Copy out all the lines of the data that hold the word "Plane".

Records from a data collection:
------------------------------------------------------------
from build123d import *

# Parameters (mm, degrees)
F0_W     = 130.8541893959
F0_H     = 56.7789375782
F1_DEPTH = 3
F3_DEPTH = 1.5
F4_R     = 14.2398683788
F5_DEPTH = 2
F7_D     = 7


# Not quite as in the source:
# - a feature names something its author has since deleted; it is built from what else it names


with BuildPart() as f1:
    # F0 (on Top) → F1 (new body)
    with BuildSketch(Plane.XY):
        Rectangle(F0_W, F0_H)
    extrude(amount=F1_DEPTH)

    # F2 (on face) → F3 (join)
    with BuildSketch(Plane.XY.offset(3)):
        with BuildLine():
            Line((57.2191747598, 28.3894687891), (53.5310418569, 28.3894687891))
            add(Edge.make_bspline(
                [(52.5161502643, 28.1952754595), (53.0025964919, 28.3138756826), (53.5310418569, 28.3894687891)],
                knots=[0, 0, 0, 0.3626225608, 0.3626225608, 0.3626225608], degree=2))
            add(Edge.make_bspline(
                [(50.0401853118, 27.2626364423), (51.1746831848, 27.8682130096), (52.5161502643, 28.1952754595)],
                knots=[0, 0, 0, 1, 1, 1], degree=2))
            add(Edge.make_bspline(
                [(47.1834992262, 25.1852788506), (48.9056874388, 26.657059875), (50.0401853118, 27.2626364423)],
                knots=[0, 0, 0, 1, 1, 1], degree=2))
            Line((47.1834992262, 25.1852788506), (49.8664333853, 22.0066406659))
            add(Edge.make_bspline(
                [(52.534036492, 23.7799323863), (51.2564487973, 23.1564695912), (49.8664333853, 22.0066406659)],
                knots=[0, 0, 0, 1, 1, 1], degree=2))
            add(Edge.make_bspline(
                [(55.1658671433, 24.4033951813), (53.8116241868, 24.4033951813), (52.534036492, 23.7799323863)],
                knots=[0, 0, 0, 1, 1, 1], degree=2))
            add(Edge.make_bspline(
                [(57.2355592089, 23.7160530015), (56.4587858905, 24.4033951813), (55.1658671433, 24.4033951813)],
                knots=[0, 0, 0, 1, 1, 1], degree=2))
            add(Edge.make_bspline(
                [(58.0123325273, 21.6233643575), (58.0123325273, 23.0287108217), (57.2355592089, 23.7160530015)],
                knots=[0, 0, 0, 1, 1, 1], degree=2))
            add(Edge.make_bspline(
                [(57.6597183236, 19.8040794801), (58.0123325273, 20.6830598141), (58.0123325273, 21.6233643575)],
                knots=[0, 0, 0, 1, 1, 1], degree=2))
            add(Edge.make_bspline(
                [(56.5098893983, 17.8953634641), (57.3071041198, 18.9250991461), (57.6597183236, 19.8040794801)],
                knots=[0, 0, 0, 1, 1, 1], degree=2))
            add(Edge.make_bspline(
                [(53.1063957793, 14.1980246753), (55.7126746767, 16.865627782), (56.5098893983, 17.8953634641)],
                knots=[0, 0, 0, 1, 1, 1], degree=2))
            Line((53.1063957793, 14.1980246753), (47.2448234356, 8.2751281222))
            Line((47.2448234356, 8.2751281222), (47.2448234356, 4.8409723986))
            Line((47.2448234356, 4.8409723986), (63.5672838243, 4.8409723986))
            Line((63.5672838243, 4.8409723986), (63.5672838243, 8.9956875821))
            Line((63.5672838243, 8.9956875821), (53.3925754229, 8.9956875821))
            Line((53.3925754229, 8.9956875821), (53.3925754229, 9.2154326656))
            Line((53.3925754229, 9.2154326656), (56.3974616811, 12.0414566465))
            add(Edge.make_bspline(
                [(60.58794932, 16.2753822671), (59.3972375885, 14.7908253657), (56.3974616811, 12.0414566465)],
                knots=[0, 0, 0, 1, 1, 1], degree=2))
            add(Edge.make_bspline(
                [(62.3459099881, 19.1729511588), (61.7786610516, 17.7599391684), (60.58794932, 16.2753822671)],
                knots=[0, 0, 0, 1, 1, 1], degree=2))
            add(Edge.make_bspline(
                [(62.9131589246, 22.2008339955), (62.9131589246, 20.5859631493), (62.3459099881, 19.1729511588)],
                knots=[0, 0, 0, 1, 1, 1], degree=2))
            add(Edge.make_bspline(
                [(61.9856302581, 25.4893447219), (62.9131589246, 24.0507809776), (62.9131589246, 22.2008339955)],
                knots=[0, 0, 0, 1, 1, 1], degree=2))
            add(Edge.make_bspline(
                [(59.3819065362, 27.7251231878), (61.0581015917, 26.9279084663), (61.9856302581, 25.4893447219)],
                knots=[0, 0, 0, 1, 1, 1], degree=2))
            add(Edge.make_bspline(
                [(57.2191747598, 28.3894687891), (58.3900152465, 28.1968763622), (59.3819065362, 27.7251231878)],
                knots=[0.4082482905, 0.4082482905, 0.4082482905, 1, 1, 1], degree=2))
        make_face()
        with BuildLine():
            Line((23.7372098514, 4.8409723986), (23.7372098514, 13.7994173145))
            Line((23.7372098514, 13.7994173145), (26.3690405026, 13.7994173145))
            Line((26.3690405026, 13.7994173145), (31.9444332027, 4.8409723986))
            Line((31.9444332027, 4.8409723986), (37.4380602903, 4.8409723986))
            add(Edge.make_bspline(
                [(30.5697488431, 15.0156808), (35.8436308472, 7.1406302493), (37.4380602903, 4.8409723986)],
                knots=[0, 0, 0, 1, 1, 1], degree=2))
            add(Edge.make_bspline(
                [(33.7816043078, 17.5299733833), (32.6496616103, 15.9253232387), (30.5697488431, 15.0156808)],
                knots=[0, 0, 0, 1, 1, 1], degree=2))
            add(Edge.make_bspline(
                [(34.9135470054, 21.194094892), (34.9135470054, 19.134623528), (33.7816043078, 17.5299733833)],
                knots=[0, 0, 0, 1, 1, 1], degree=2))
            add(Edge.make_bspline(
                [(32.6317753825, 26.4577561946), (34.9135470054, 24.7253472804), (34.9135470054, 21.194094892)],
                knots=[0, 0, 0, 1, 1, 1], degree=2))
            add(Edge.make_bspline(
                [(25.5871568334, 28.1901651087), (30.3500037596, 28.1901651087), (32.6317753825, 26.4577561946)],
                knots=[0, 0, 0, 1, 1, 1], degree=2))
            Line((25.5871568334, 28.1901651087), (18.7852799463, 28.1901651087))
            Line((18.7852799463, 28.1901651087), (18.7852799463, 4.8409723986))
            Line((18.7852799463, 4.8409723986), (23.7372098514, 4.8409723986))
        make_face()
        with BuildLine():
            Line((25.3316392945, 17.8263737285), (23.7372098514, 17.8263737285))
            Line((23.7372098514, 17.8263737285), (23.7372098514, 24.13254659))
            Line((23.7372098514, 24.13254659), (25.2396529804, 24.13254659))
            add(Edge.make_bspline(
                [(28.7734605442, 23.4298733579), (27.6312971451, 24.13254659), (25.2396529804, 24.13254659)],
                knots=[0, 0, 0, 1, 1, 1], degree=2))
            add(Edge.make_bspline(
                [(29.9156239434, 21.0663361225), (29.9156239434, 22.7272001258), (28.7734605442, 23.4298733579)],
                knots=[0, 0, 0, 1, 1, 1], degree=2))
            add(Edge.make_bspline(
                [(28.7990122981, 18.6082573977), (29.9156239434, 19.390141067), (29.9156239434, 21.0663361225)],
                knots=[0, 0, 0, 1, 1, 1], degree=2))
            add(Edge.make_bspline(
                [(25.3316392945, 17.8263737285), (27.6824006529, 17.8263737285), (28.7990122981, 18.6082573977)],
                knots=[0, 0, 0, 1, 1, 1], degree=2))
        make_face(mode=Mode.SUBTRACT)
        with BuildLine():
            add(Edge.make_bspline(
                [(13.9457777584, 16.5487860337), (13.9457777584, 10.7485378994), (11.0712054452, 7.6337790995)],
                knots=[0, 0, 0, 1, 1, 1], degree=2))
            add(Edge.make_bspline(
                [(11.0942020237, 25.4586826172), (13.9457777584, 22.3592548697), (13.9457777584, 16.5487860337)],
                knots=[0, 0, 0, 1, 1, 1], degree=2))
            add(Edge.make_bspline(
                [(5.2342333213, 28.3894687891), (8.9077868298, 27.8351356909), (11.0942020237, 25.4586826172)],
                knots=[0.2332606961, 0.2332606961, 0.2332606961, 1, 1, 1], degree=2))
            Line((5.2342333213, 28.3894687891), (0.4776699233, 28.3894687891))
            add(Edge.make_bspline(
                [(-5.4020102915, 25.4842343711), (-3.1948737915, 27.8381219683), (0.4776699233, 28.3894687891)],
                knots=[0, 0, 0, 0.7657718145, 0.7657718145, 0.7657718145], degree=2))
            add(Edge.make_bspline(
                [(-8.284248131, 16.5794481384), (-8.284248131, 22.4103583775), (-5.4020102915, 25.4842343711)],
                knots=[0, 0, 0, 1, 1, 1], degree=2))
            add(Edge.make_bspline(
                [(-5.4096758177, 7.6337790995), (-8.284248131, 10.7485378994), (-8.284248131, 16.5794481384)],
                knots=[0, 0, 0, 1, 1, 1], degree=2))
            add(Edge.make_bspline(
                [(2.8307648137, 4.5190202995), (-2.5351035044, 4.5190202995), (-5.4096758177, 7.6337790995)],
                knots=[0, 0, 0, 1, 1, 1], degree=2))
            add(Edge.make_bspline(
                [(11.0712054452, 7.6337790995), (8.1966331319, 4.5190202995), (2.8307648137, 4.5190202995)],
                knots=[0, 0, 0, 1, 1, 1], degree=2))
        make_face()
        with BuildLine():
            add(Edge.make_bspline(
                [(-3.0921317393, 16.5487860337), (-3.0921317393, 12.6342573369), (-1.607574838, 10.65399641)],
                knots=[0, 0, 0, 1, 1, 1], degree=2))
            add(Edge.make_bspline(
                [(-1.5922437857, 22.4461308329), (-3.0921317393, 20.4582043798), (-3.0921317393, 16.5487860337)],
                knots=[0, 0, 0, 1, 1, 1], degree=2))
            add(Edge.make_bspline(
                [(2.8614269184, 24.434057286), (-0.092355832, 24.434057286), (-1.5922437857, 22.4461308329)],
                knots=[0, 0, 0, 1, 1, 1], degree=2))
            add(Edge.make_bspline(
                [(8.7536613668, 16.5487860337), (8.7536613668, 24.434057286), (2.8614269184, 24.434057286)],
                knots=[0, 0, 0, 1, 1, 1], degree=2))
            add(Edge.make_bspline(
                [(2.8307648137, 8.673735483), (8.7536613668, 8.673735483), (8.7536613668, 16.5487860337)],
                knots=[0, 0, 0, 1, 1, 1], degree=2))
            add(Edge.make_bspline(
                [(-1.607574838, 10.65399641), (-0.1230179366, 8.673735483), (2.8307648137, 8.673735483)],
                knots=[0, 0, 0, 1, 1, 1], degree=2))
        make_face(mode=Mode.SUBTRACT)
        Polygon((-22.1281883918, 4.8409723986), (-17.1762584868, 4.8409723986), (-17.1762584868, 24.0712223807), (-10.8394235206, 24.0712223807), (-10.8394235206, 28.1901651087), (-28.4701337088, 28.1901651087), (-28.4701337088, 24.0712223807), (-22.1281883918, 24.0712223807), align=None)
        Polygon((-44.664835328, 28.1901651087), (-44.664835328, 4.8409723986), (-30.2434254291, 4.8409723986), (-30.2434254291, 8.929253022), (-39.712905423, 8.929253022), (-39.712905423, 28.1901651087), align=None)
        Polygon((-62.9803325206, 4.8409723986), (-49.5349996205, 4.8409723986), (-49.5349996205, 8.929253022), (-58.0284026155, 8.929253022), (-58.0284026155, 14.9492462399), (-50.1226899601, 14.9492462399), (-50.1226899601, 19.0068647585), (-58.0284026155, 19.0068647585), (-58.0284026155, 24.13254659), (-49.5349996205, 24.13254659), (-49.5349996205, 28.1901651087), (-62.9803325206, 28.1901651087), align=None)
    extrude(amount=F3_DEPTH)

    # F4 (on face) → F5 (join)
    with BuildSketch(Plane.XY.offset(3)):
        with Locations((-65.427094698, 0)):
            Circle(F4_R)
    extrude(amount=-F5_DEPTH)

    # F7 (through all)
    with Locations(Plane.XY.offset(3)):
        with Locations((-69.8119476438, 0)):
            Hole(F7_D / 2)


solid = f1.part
------------------------------------------------------------
> Solution:
    with BuildSketch(Plane.XY):
    with BuildSketch(Plane.XY.offset(3)):
    with BuildSketch(Plane.XY.offset(3)):
    with Locations(Plane.XY.offset(3)):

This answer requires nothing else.